Gabapentin, Opioids, and the Risk of Opioid-Related Death: A Population-Based Nested Case-Control Study

Tara Gomes et al. PLoS Med.

Abstract

Background: Prescription opioid use is highly associated with risk of opioid-related death, with 1 of every 550 chronic opioid users dying within approximately 2.5 years of their first opioid prescription. Although gabapentin is widely perceived as safe, drug-induced respiratory depression has been described when gabapentin is used alone or in combination with other medications. Because gabapentin and opioids are both commonly prescribed for pain, the likelihood of co-prescription is high. However, no published studies have examined whether concomitant gabapentin therapy is associated with an increased risk of accidental opioid-related death in patients receiving opioids. The objective of this study was to investigate whether co-prescription of opioids and gabapentin is associated with an increased risk of accidental opioid-related mortality.

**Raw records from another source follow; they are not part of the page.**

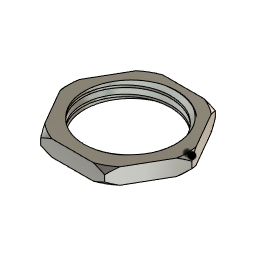
M12x1 nut (Autodesk Fusion 360 design; units mm, degrees)
Autodesk Fusion 360 part; units mm, degrees
sketch "Sketch1" plane through (0, 0, 0) normal (0, 0, 1) x (1, 0, 0)
  circle A0 centre (0, 0) radius 6
  line L0 (8, 0) -> (4, 6.9282)
  line L1 (4, 6.9282) -> (-4, 6.9282)
  line L2 (-4, 6.9282) -> (-8, 0)
  line L3 (-8, 0) -> (-4, -6.9282)
  line L4 (-4, -6.9282) -> (4, -6.9282)
  line L5 (4, -6.9282) -> (8, 0)
  dimension "d1" = 12
  dimension "d2" = 8
  constraint coincident A0.centre origin
  measures "d1" diameter of A0
  measures "d2" distance of L0.start A0.centre
extrude "Extrude1" add sketch "Sketch1" along normal blind 2
thread "Thread1" "ISO Metric profile 12.0 M12x1 6H" major diameter 12.152 minor diameter 11.035 pitch 1 angle 60 modelled right hand crest width 0.2719 on face at (5.9925, -0.2991, 1.3333) crest through (5.5175, 0, 0.25)
sketch "Sketch4" plane through (0, 0, 2) normal (0, 0, 1) x (-1, 0, 0)
  line L0 (-8, 0) -> (-7.4, 0) construction
  point P0 (-8, 0)
  dimension "d5" = 0.6
  constraint coincident P0 L0.start
  constraint horizontal L0
  measures "d5" distance of P0 L0.end
sketch "Sketch5" plane through (0, 0, 0) normal (0, 1, 0) x (1, 0, 0)
  line L0 (4, 0) -> (4, -2) construction
  line L1 (4, -1) -> (9.4, -1) construction
  line L2 (8, 0) -> (8, -2)
  line L3 (7.4, -2) -> (8, -2)
  line L4 (7.4, -2) -> (8, -1.4)
  line L5 (7.4, 0) -> (8, 0)
  line L6 (7.4, 0) -> (8, -0.6)
  line L7 (0, 0) -> (0, -3.5) construction
  point P0 (7.4, -2)
  point P1 (8, 0)
  point P2 (7.4, 0)
  constraint midpoint L0 L1.start
  constraint perpendicular L0 L1
  constraint coincident P0 L3.start
  constraint coincident L2.end L3.end
  constraint coincident L2 L4.end
  constraint symmetric L1 L2.end P1
  constraint symmetric L1 P0 P2
  constraint symmetric L1 L4.end L6.end
  constraint coincident L7.start origin
  constraint vertical L7
revolve "Revolve1" cut sketch "Sketch5" angle 360 about axis through (0, 0, 0) along (0, 0, 1)
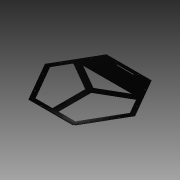
# Autodesk Inventor part: top
Saved by Autodesk Inventor 2015 SP1 (Build 190203100, 203)
## iProperties
Created: 2015-04-18
Part Number: top
Material: Ogólny
Document SubType Name: Konstrukcja blachowa
Designer: Marcin
Density: 1 g/cm^3
Sheet Metal Rule: Domyślny
Appearance: Gładki - czarny
Author: Marcin
Autodesk Inventor part; units mm, degrees
ref_plane "YZ Plane" through (0, 0, 0) normal (1, 0, 0) x (0, 1, 0)
ref_plane "XZ Plane" through (0, 0, 0) normal (0, 1, 0) x (-1, 0, 0)
ref_plane "XY Plane" through (0, 0, 0) normal (0, 0, 1) x (1, 0, 0)
sketch "Szkic1" plane through (0, 0, 0) normal (0, 0, 1) x (1, 0, 0)
  line L0 (76.2102, 132) -> (152.4205, 0)
  line L1 (152.4205, 0) -> (76.2102, -132)
  line L2 (76.2102, -132) -> (-76.2102, -132)
  line L3 (-76.2102, -132) -> (-152.4205, 0)
  line L4 (-152.4205, 0) -> (-76.2102, 132)
  line L5 (-76.2102, 132) -> (76.2102, 132)
  point P0 (0, 0)
  point P1 (0, 0)
  dimension "d0" = 132
  measures "d0" distance from line of L5 point (0, 0)
extrude "Płyta1" add sketch "Szkic1" along normal blind 0.8
sketch "Szkic2" plane through (0, 0, 0.8) normal (0, 0, 1) x (1, 0, 0)
  line L0 (152.4205, 0) -> (76.2102, -132) projected
  line L1 (76.2102, 132) -> (152.4205, 0) projected
  line L2 (-76.2102, 132) -> (76.2102, 132) projected
  line L3 (-152.4205, 0) -> (-76.2102, 132) projected
  line L4 (-76.2102, -132) -> (-152.4205, 0) projected
  line L5 (76.2102, -132) -> (-76.2102, -132) projected
  line L6 (0, 132) -> (0, -132) construction
  line L7 (-21.7321, -117) -> (-67.55, -117)
  line L8 (-67.55, -117) -> (-135.1, 0)
  line L9 (-36.5957, 60) -> (-100.4589, 60)
  line L10 (-100.4589, 60) -> (-135.1, 0)
  line L11 (-152.4205, 0) -> (-76.2102, 132) projected
  line L12 (21.7321, -117) -> (67.55, -117)
  line L13 (67.55, -117) -> (135.1, 0)
  line L14 (36.5957, 60) -> (100.4589, 60)
  line L15 (100.4589, 60) -> (135.1, 0)
  line L16 (-36.5957, 60) -> (0, 60)
  line L17 (0, 60) -> (36.5957, 60)
  line L18 (-21.7321, -117) -> (21.7321, -117)
  point P0 (0, 0)
  dimension "d5" = 15
  dimension "d6" = 15
  dimension "d7" = 15
  dimension "d14" = 177
  constraints: 24 end point, 5 symmetric about line, 4 parallel, 2 horizontal, 2 midpoint, 1 collinear, 1 point on line
  measures "d5" distance between parallel lines of L3 L10
  measures "d6" distance between parallel lines of L8 L4
  measures "d7" distance between parallel lines of L7 L5
  measures "d14" distance between parallel lines of L14 L12
extrude "Wytnij3" cut sketch "Szkic2" against normal blind 0.8 contours L7 L8 L10 L9 L16 L17 L14 L15 L13 L12 L18
sketch "Szkic3" plane through (0, 0, 0.8) normal (0, 0, 1) x (1, 0, 0)
  line L0 (135.1, 0) -> (67.55, -117)
  line L1 (-67.55, -117) -> (-135.1, 0)
  line L2 (67.55, -117) -> (-67.55, -117)
  line L3 (100.4589, 60) -> (135.1, 0)
  line L4 (-135.1, 0) -> (-100.4589, 60)
  line L5 (67.55, -117) -> (135.1, 0) construction
  line L6 (0, 0) -> (0, -117) construction
  line L7 (0, 0) -> (101.325, 58.5) construction
  line L8 (135.1, 0) -> (100.4589, 60) construction
  line L9 (0, 0) -> (-101.325, 58.5) construction
  line L10 (0, 0) -> (-101.325, 58.5) construction
  line L11 (5, 8.6603) -> (-96.325, 67.1603)
  line L12 (-106.325, 49.8397) -> (-5, -8.6603)
  arc A0 (-5, -8.6603) -> (5, 8.6603) centre (0, 0) ccw
  arc A1 (-96.325, 67.1603) -> (-106.325, 49.8397) centre (-101.325, 58.5) ccw
  line L13 (0, 0) -> (0, -117) construction
  line L14 (0, 0) -> (0, -117) construction
  line L15 (-10, 0) -> (-10, -117)
  line L16 (10, -117) -> (10, 0)
  arc A2 (10, 0) -> (-10, 0) centre (0, 0) ccw
  arc A3 (-10, -117) -> (10, -117) centre (0, -117) ccw
  line L17 (0, 0) -> (101.325, 58.5) construction
  line L18 (0, 0) -> (101.325, 58.5) construction
  line L19 (5, -8.6603) -> (106.325, 49.8397)
  line L20 (96.325, 67.1603) -> (-5, 8.6603)
  arc A4 (-5, 8.6603) -> (5, -8.6603) centre (0, 0) ccw
  arc A5 (106.325, 49.8397) -> (96.325, 67.1603) centre (101.325, 58.5) ccw
  point P0 (-50.6625, 29.25)
  point P1 (0, -58.5)
  point P2 (50.6625, 29.25)
  dimension "d15" = 20
  dimension "d18" = 240
  measures "d15" diameter of A1
sheet face with bend "Powierzchnia2" sketch "Szkic3" thickness 0.8 toward (0, 0, -1) bend radius 0.8 relief tear relief width 0.8 relief depth 0.4 contours L19 L16 A0 L11 L20 A5 | A3 L2 | L2 L15 L12 A0 L19 L16 | L19 A0 L16 | A0 A4 A2 | L20 A2 L15 L12 A1 L11 | L11 A2 L20 | L15 A4 L12
bend "Gięcie1"
sketch "Szkic5" plane through (0, 0, 0.8) normal (0, 0, 1) x (1, 0, 0)
  circle A0 centre (-128.0424, -30.624) radius 2 projected
  circle A1 centre (-90.5424, -95.576) radius 2 projected
  point P0 (0, 0)
  point P1 (-37.5, -126.2)
  point P2 (37.5, -126.2)
  point P3 (90.5424, -95.576)
  point P4 (128.0424, -30.624)
  point P5 (128.0424, 30.624)
  point P6 (90.5424, 95.576)
  point P7 (37.5, 126.2)
  point P8 (-37.5, 126.2)
  point P9 (-90.5424, 95.576)
  point P10 (-128.0424, 30.624)
  dimension "d38" = 360
  constraints: 2 coincident, 13 other
hole "Otwór3" at (-128.0424, -30.624, 0.8) at (-90.5424, -95.576, 0.8) at (-37.5, -126.2, 0.8) at (37.5, -126.2, 0.8) at (90.5424, -95.576, 0.8) at (128.0424, -30.624, 0.8) at (128.0424, 30.624, 0.8) at (90.5424, 95.576, 0.8) at (37.5, 126.2, 0.8) at (-37.5, 126.2, 0.8) at (-90.5424, 95.576, 0.8) at (-128.0424, 30.624, 0.8) direction (0, 0, -1) diameter 3 depth 0.8 tip angle 118
sketch "Szkic6" plane through (0, 0, 0.8) normal (0, 0, 1) x (1, 0, 0)
  line L0 (28.5, 120.2073) -> (-28.5, 120.2073) projected
  line L1 (-28.5, 120.2073) -> (-28.5, 118.2073) projected
  line L2 (28.5, 118.2073) -> (-28.5, 118.2073) projected
  line L3 (28.5, 120.2073) -> (28.5, 118.2073) projected
  line L4 (-29, 117.7073) -> (-29, 120.7073)
  line L5 (-29, 120.7073) -> (29, 120.7073)
  line L6 (29, 120.7073) -> (29, 117.7073)
  line L7 (29, 117.7073) -> (-29, 117.7073)
  point P0 (0, 0)
  dimension "d54" = 0.5
  constraints: 8 end point, 3 other
  measures "d54" distance between parallel lines of L1 L4
extrude "Wytnij4" cut sketch "Szkic6" against normal blind 0.8 contours L3 L2 L1 L0 | L4 L5 L6 L7
equation "\"d12\" = Grubość"
equation "\"d52\" = Grubość"
equation "\"d55\" = Grubość"
equation "\"d20\" = PromieńGięcia"
equation "\"d21\" = SzerokośćGięciaPodcięcia"
equation "\"d23\" = MinimalnaPozostałość"
equation "\"d22\" = GłębokośćGięciaPodcięcia"
equation "\"d24\" = PromieńGięcia"
equation "\"PromieńGięcia\" = Grubość"
equation "\"SzerokośćGięciaPodcięcia\" = Grubość"
equation "\"GłębokośćGięciaPodcięcia\" = 0.5 * Grubość"
equation "\"RozmiarPodcięciaNarożnika\" = 4 * Grubość"
equation "\"MinimalnaPozostałość\" = 2 * Grubość"
equation "\"PromieńPrzejścia\" = PromieńGięcia"
equation "\"Rozmiar_promienia_Jacobiego\" = Grubość"
equation "\"Wielk_odstępu\" = Grubość"
equation "\"d1\" = PromieńGięcia"
equation "\"Grubość\" = 0.8"

Methods and findings: We conducted a population-based nested case-control study among opioid users who were residents of Ontario, Canada, between August 1, 1997, and December 31, 2013, using administrative databases. Cases, defined as opioid users who died of an opioid-related cause, were matched with up to 4 controls who also used opioids on age, sex, year of index date, history of chronic kidney disease, and a disease risk index. After matching, we included 1,256 cases and 4,619 controls. The primary exposure was concomitant gabapentin use in the 120 days preceding the index date. A secondary analysis characterized gabapentin dose as low (<900 mg daily), moderate (900 to 1,799 mg daily), or high (≥1,800 mg daily). A sensitivity analysis examined the effect of concomitant nonsteroidal anti-inflammatory drug (NSAID) use in the preceding 120 days. Overall, 12.3% of cases (155 of 1,256) and 6.8% of controls (313 of 4,619) were prescribed gabapentin in the prior 120 days. After multivariable adjustment, co-prescription of opioids and gabapentin was associated with a significantly increased odds of opioid-related death (odds ratio [OR] 1.99, 95% CI 1.61 to 2.47, p < 0.001; adjusted OR [aOR] 1.49, 95% CI 1.18 to 1.88, p < 0.001) compared to opioid prescription alone. In the dose-response analysis, moderate-dose (OR 2.05, 95% CI 1.46 to 2.87, p < 0.001; aOR 1.56, 95% CI 1.06 to 2.28, p = 0.024) and high-dose (OR 2.20, 95% CI 1.58 to 3.08, p < 0.001; aOR 1.58, 95% CI 1.09 to 2.27, p = 0.015) gabapentin use was associated with a nearly 60% increase in the odds of opioid-related death relative to no concomitant gabapentin use. As expected, we found no significant association between co-prescription of opioids and NSAIDs and opioid-related death (OR 1.11, 95% CI 0.98 to 1.27, p = 0.113; aOR 1.14, 95% CI 0.98 to 1.32, p = 0.083). In an exploratory analysis of patients at risk of combined opioid and gabapentin use, we found that 46.0% (45,173 of 98,288) of gabapentin users in calendar year 2013 received at least 1 concomitant prescription for an opioid. This study was limited to individuals eligible for public drug coverage in Ontario, we were only able to identify prescriptions reimbursed by the government and dispensed from retail pharmacies, and information on indication for gabapentin use was not available. Furthermore, as with all observational studies, confounding due to unmeasured variables is a potential source of bias.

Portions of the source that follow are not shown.